- Budhavadi Location in Maharashtra, India Budhavadi Budhavadi (India)
- Coordinates: 18°31′14″N 73°51′24″E﻿ / ﻿18.5204303°N 73.8567437°E
- Country: India
- State: Maharashtra
- District: Pune
- Tehsil: Mawal

Government
- • Type: Panchayati Raj
- • Body: Gram panchayat

Area
- • Total: 139 ha (343 acres)

Population (2011)
- • Total: 457
- • Density: 330/km^{2} (850/sq mi)
- Sex ratio 246/211 ♂/♀

Languages
- • Official: Marathi
- • Other spoken: Hindi
- Time zone: UTC+5:30 (IST)
- Pin code: 410405
- Telephone code: 02114
- ISO 3166 code: IN-MH
- Vehicle registration: MH-14
- Website: pune.nic.in

= Budhavadi =

Village in Maharashtra

Budhavadi is a village in India, situated in Mawal taluka of Pune district in the state of Maharashtra.

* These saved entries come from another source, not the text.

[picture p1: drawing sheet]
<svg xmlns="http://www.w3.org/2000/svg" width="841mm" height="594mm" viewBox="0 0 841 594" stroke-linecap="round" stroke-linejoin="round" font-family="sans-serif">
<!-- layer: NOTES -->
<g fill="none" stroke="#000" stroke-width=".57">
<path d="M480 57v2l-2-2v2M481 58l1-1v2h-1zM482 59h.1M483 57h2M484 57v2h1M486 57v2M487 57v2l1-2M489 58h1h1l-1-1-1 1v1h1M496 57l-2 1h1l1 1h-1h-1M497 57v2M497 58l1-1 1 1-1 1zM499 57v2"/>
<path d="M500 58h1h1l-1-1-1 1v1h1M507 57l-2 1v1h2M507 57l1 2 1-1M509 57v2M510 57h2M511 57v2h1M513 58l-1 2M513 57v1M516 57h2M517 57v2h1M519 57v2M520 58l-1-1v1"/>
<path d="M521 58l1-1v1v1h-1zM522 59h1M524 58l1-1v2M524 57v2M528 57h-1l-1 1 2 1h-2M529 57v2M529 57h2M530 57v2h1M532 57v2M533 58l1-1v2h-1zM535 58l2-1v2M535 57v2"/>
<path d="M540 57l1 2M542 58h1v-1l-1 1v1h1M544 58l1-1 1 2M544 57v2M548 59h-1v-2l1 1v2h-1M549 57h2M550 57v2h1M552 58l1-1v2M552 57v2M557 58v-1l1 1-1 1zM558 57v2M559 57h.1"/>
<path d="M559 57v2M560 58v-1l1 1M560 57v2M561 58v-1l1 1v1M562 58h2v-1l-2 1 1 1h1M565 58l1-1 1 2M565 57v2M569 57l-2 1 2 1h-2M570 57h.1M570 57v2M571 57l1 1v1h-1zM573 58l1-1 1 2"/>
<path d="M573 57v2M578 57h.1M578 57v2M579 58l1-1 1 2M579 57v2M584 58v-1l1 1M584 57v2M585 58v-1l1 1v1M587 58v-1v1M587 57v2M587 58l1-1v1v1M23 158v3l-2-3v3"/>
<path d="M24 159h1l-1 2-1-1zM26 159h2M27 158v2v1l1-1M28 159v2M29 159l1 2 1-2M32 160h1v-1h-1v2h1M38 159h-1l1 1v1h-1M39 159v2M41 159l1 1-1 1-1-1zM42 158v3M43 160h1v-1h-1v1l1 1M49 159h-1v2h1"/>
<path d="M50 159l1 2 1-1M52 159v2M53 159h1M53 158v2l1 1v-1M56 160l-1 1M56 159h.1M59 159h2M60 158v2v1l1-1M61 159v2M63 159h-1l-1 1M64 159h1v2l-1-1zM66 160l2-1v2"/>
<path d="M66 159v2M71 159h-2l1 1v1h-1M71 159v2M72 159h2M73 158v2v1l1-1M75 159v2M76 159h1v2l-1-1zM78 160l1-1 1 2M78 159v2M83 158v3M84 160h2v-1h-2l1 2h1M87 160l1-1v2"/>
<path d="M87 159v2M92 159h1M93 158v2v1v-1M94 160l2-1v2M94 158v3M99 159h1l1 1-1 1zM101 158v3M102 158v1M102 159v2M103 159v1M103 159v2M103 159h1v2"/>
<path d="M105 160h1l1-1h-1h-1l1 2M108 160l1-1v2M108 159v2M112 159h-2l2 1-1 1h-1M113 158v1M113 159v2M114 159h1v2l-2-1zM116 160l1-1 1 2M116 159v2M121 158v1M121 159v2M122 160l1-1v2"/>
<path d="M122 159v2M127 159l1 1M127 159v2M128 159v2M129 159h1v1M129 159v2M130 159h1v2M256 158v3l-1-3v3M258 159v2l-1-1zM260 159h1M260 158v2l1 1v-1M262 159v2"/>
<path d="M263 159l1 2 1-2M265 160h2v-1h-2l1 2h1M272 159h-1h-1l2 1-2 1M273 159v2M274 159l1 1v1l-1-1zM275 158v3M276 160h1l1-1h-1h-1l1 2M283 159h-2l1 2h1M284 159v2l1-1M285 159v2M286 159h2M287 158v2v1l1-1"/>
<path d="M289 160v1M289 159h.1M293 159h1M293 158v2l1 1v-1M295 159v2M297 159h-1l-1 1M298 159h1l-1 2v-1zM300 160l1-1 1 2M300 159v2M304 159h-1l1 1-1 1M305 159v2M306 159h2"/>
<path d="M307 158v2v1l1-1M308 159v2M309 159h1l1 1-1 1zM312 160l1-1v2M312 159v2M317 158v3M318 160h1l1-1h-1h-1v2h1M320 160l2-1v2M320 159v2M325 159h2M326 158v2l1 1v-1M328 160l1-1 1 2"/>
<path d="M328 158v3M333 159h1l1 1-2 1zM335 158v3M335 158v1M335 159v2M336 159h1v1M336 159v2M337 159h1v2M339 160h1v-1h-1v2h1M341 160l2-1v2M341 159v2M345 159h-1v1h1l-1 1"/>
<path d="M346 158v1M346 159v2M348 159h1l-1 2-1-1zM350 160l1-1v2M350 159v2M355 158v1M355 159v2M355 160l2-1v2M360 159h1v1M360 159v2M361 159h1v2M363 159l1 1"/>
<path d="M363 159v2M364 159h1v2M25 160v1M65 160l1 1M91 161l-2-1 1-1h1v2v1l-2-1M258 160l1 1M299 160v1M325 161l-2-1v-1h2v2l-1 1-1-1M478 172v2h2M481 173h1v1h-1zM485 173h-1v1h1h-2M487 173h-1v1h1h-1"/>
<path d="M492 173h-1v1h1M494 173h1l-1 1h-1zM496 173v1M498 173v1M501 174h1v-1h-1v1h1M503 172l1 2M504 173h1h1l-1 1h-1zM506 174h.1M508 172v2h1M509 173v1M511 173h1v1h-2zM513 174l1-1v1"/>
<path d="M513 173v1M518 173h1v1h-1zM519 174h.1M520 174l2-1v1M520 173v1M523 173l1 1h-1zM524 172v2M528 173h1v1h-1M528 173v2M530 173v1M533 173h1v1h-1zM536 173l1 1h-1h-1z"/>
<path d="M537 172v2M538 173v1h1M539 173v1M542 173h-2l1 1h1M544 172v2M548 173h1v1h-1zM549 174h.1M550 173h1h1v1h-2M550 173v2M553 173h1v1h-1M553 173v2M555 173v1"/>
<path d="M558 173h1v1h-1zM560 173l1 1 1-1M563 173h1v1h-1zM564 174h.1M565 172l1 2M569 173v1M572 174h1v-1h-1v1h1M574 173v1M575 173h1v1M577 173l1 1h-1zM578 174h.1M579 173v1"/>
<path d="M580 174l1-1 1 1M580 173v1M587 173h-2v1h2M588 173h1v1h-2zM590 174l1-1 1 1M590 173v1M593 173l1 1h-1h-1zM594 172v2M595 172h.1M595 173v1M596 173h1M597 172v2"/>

It encompasses an area of 139 ha.

==Administration==
The village is administrated by a sarpanch, an elected representative who leads a gram panchayat. At the time of the 2011 Census of India, the gram panchayat governed four villages and was based at Sangise.

==Demographics==
At the 2011 census, the village comprised 94 households. The population of 457 was split between 246 males and 211 females.

==Air travel connectivity==
The closest airport to the village is Pune Airport.